··· Data extracts ···
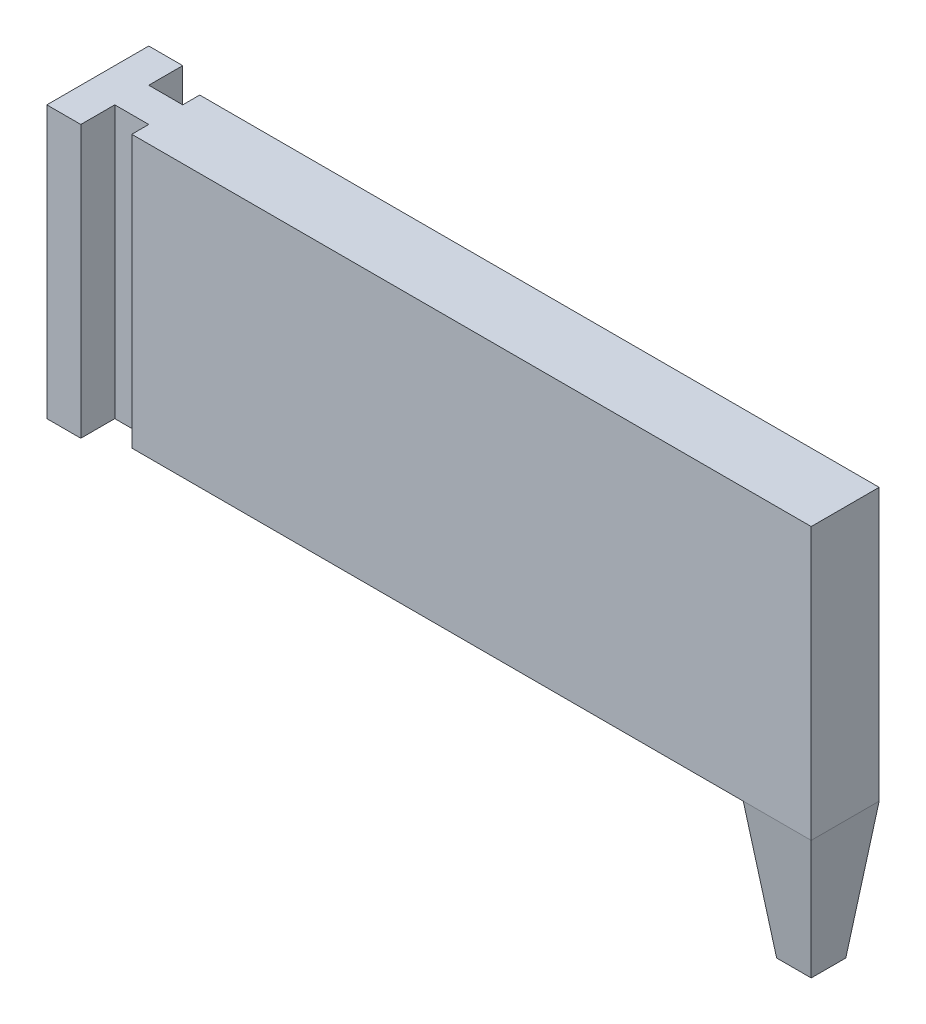
SolidWorks part; units mm, degrees
ref_plane "Front Plane" through (0, 0, 0) normal (0, 0, 1) x (1, 0, 0)
ref_plane "Top Plane" through (0, 0, 0) normal (0, 1, 0) x (1, 0, 0)
ref_plane "Right Plane" through (0, 0, 0) normal (1, 0, 0) x (0, 0, -1)
sketch "Sketch2" plane through (0, 0, 0) normal (0, 1, 0) x (1, 0, 0)
  line L0 (-10, 7.5) -> (-10, -7.5)
  line L1 (-10, -7.5) -> (-5, -7.5)
  line L2 (-5, -7.5) -> (-5, -2.5)
  line L3 (-5, -2.5) -> (0, -2.5)
  line L4 (0, -2.5) -> (0, 2.5)
  line L5 (0, 2.5) -> (-5, 2.5)
  line L6 (-5, 2.5) -> (-5, 7.5)
  line L7 (-5, 7.5) -> (-10, 7.5)
  point P2 (0, 0)
  dimension "D1" = 5
extrude "Boss-Extrude1" add sketch "Sketch2" along normal blind 40
sketch "Sketch3" plane through (0, 0, 0) normal (0, 0, 1) x (1, 0, 0)
  line L0 (0, 0) -> (100, 0)
  line L3 (100, 0) -> (100, 40)
  line L4 (100, 40) -> (0, 40)
  line L6 (0, 40) -> (0, 0)
  point P4 (90.5311, 0)
  point P10 (100, 0)
  point P11 (0, 0)
  point P12 (100, 0)
  point P13 (100, 0.7617)
  dimension "D4" = 100
extrude "Boss-Extrude2" add sketch "Sketch3" along normal blind 5 and the other way blind 5
sketch "Sketch4" plane through (0, 0, 0) normal (0, -1, 0) x (1, 0, 0)
  line L0 (0, 5) -> (100, 5) construction
  line L1 (100, -5) -> (90, -5)
  line L2 (100, -5) -> (100, 5)
  line L3 (100, 5) -> (90, 5)
  line L4 (90, -5) -> (90, 5)
extrude "Boss-Extrude3" add sketch "Sketch4" along normal blind 20 draft 7
···
### Exercise aim
Write out the whole of the data exactly; the pictures stay out.

### Response to this task
SolidWorks part; units mm, degrees
ref_plane "Front Plane" through (0, 0, 0) normal (0, 0, 1) x (1, 0, 0)
ref_plane "Top Plane" through (0, 0, 0) normal (0, 1, 0) x (1, 0, 0)
ref_plane "Right Plane" through (0, 0, 0) normal (1, 0, 0) x (0, 0, -1)
sketch "Sketch2" plane through (0, 0, 0) normal (0, 1, 0) x (1, 0, 0)
  line L0 (-10, 7.5) -> (-10, -7.5)
  line L1 (-10, -7.5) -> (-5, -7.5)
  line L2 (-5, -7.5) -> (-5, -2.5)
  line L3 (-5, -2.5) -> (0, -2.5)
  line L4 (0, -2.5) -> (0, 2.5)
  line L5 (0, 2.5) -> (-5, 2.5)
  line L6 (-5, 2.5) -> (-5, 7.5)
  line L7 (-5, 7.5) -> (-10, 7.5)
  point P2 (0, 0)
  dimension "D1" = 5
extrude "Boss-Extrude1" add sketch "Sketch2" along normal blind 40
sketch "Sketch3" plane through (0, 0, 0) normal (0, 0, 1) x (1, 0, 0)
  line L0 (0, 0) -> (100, 0)
  line L3 (100, 0) -> (100, 40)
  line L4 (100, 40) -> (0, 40)
  line L6 (0, 40) -> (0, 0)
  point P4 (90.5311, 0)
  point P10 (100, 0)
  point P11 (0, 0)
  point P12 (100, 0)
  point P13 (100, 0.7617)
  dimension "D4" = 100
extrude "Boss-Extrude2" add sketch "Sketch3" along normal blind 5 and the other way blind 5
sketch "Sketch4" plane through (0, 0, 0) normal (0, -1, 0) x (1, 0, 0)
  line L0 (0, 5) -> (100, 5) construction
  line L1 (100, -5) -> (90, -5)
  line L2 (100, -5) -> (100, 5)
  line L3 (100, 5) -> (90, 5)
  line L4 (90, -5) -> (90, 5)
extrude "Boss-Extrude3" add sketch "Sketch4" along normal blind 20 draft 7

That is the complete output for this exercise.